Mix the flour, sugar, oil and baking powder in a bowl. Add the 3 egg yolks and mix. Gradually incorporate the milk to avoid creating lumps.

Beat the egg whites into stiff peaks and blend them into the batter.

Let the batter rest for about 1 hour before cooking.

Cooking of the Brussels waffles

Preheat the waffle iron to 200 °C for 15 minutes.

Before use, give the batter another gentle mix to make it uniform.

Brush the irons with a light coat of oil. Use a ladle or jug to fill the irons on one side until the tops of the grid outlines are covered. Close the waffle irons and lock into position using the handles. Turn the irons over immediately (for 180° waffle irons and swivel waffle irons).
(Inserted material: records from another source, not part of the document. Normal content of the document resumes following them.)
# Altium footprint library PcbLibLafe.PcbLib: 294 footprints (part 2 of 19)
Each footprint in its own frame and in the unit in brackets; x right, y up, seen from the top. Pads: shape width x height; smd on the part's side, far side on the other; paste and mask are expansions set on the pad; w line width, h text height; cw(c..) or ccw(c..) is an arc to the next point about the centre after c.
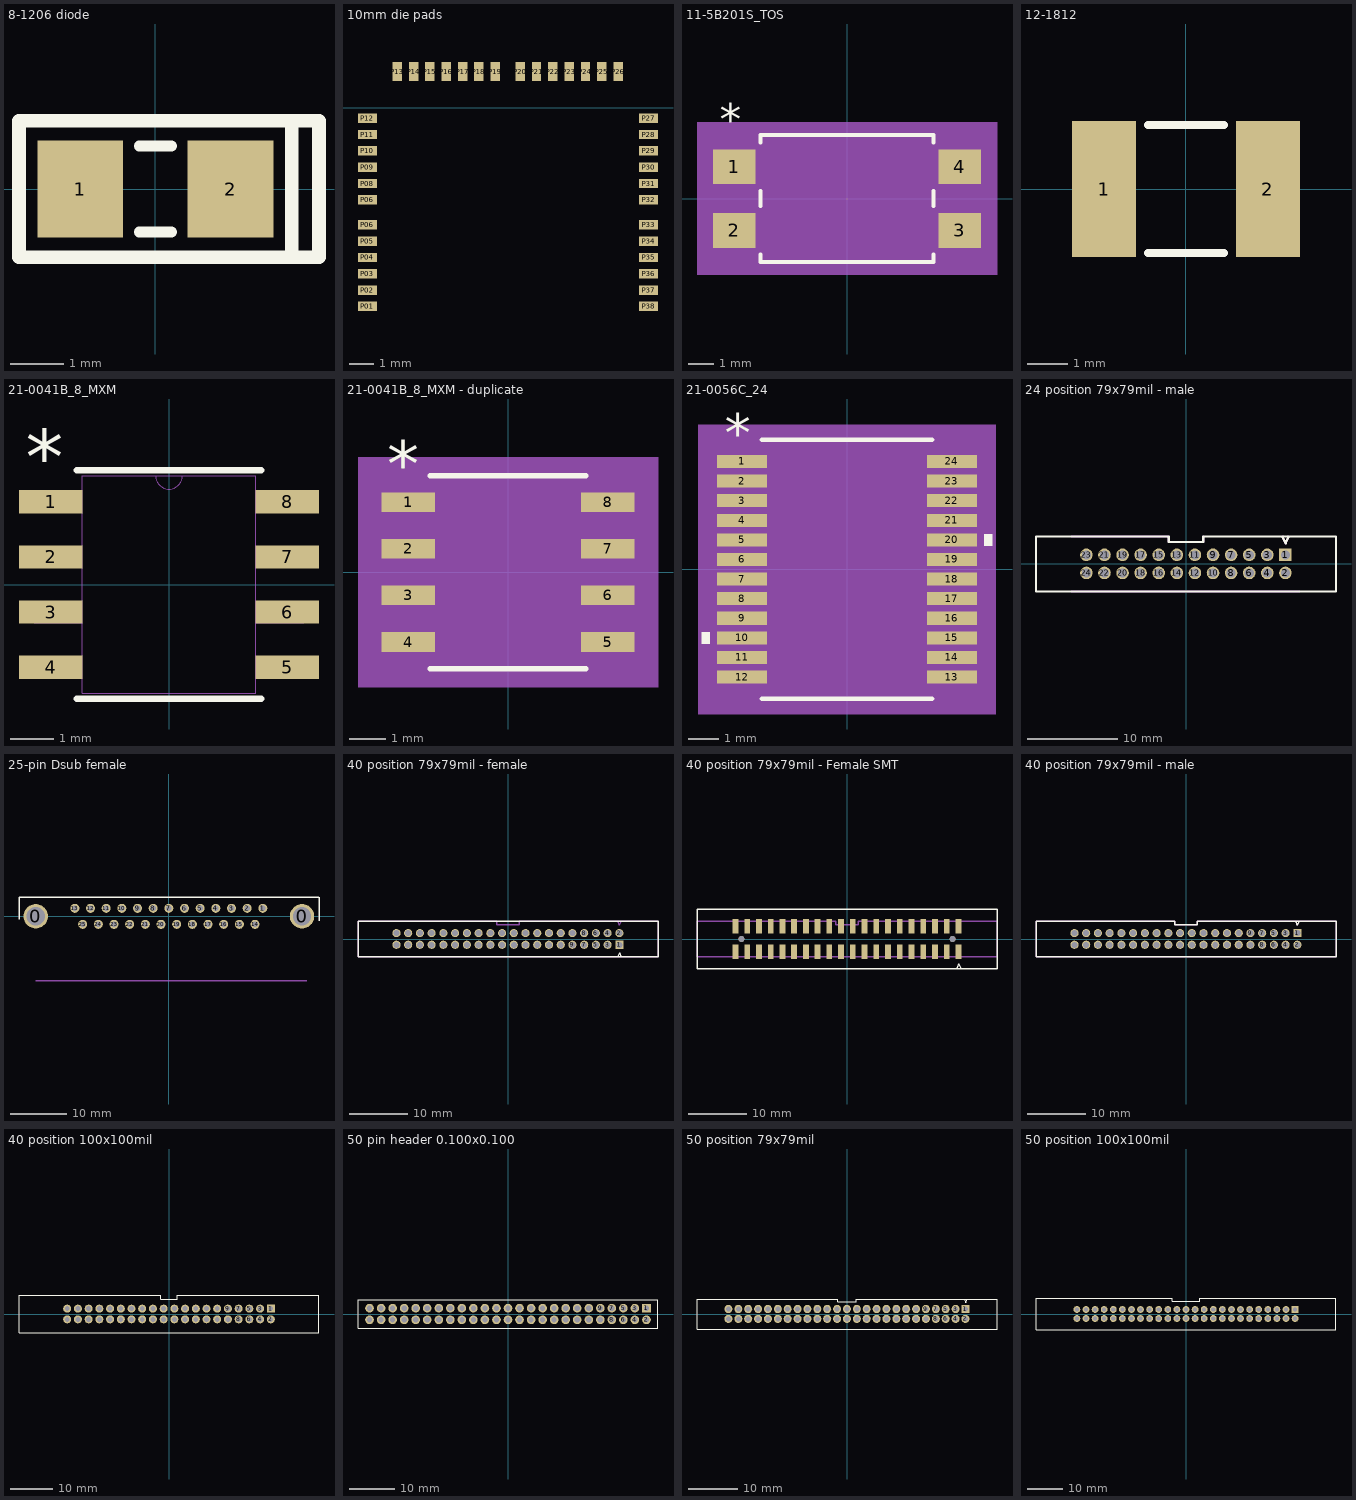
[diagram p1: the footprints below, top view; thin cyan lines are the x and y axes]

## 8-1206 diode [mm] "Chip diode Body 3.1 x 1.6 mm (LxW typ)"
height 0.7
pads (2):
  rect 1.6x1.8 smd: 1(-1.4,0) 2(1.4,0)
Top Overlay:
  lines w0.2: -0.3,-0.8 0.3,-0.8 ; -0.3,0.8 0.3,0.8
  lines w0.254: 2.54,-1.27 3.048,-1.27 3.048,1.27 2.54,1.27 ; 2.54,-1.27 -2.54,-1.27 -2.54,1.27 2.54,1.27 ; 2.54,-1.27 2.54,1.27

## 10mm die pads [mil]
pads (38):
  rect 30x15 smd paste+0 mask+0: P01(1686.98,-315.42) P02(1686.98,-289.52) P03(1686.98,-263.62) P04(1686.98,-237.72) P05(1686.98,-211.82) P06(1686.98,-185.92) P06(1686.98,-146.32) P08(1686.98,-120.42) P09(1686.98,-94.52) P10(1686.98,-68.62) P11(1686.98,-42.72) P12(1686.98,-16.82) P27(2132.73,-16.82) P28(2132.73,-42.72) P29(2132.73,-68.62) P30(2132.73,-94.52) P31(2132.73,-120.42) P32(2132.73,-146.32) P33(2132.73,-185.92) P34(2132.73,-211.82) P35(2132.73,-237.72) P36(2132.73,-263.62) P37(2132.73,-289.52) P38(2132.73,-315.42)
  rect 15x30 smd paste+0 mask+0: P13(1734.16,57.18) P14(1760.06,57.18) P15(1785.96,57.18) P16(1811.86,57.18) P17(1837.76,57.18) P18(1863.66,57.18) P19(1889.56,57.18) P20(1929.16,57.18) P21(1955.06,57.18) P22(1980.96,57.18) P23(2006.86,57.18) P24(2032.76,57.18) P25(2058.66,57.18) P26(2084.56,57.18)

## 11-5B201S_TOS [mil]
pads (4):
  rect 67x55 smd paste+0 mask+0: 1(-177.5,50) 2(-177.5,-50) 3(177.5,-50) 4(177.5,50)
Top Overlay:
  lines w6: -136,-87.87 -136,-100 136,-100 136,-87.87 ; -136,-12.13 -136,12.13 ; -136,87.87 -136,100 136,100 136,87.87 ; 136,-12.13 136,12.13
  text "*" at -200,100 h50
Mechanical 5:
  region: 236,-120 -236,-120 -236,120 236,120
Mechanical 13:
  lines w0: -12,95 ccw(c0,95) 12,95
  lines w1: -197,-76.5 -131,-76.5 -131,-23.5 -197,-23.5 -197,-76.5 ; -197,23.5 -131,23.5 -131,76.5 -197,76.5 -197,23.5 ; -131,-95 -131,95 131,95 131,-95 -131,-95 ; 131,-76.5 197,-76.5 197,-23.5 131,-23.5 131,-76.5 ; 131,23.5 197,23.5 197,76.5 131,76.5 131,23.5
  text "*" at -128.5,42 h50
Mechanical 15:
  region: -141,-87.5 -221,-87.5 -221,87.5 -141,87.5 -141,105 141,105 141,87.5 221,87.5 221,-87.5 141,-87.5 141,-105 -141,-105
  lines w6: -221,-87.5 -141,-87.5 -141,-105 141,-105 141,-87.5 221,-87.5 221,87.5 141,87.5 141,105 -141,105 -141,87.5 -221,87.5 -221,-87.5
3D body: height 10, standoff 0, extent 0,0 10,10

## 12-1812 [mm] "Chip Resistor; Body 4.5 x 3.2 mm (LxW typ)"
height 0.7
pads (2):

Cook in this position for 3 to 4 minutes.

Open the waffle iron and remove the waffles using a waffle pick. It is best to place the waffles on a rack to prevent them from going soft.

To prepare the dough ball for Liège waffles

Mix the yeast and warm water in a bowl. Leave to rest for 15 mins.

Mix the flour, sugar, vanilla sugar, salt and yeast together in a bowl. Add the eggs and melted butter. Mix together.

Leave the dough to rest for 1 hour: it should double in volume.

Gently mix in the pearl sugar. Let stand for 10 minutes, then form balls of approximately 70 g, dusting them with flour.

Cooking of Liege waffles

Preheat the waffle iron to 180 °C for 15 minutes.

Brush the irons with a light coat of oil. Place one dough piece into each iron and close the waffle irons.

Cook on this position for 3 to 4 minutes.

Open the waffle iron and remove the waffles using a waffle pick. It is best to place the waffles on a rack to prevent them from going soft.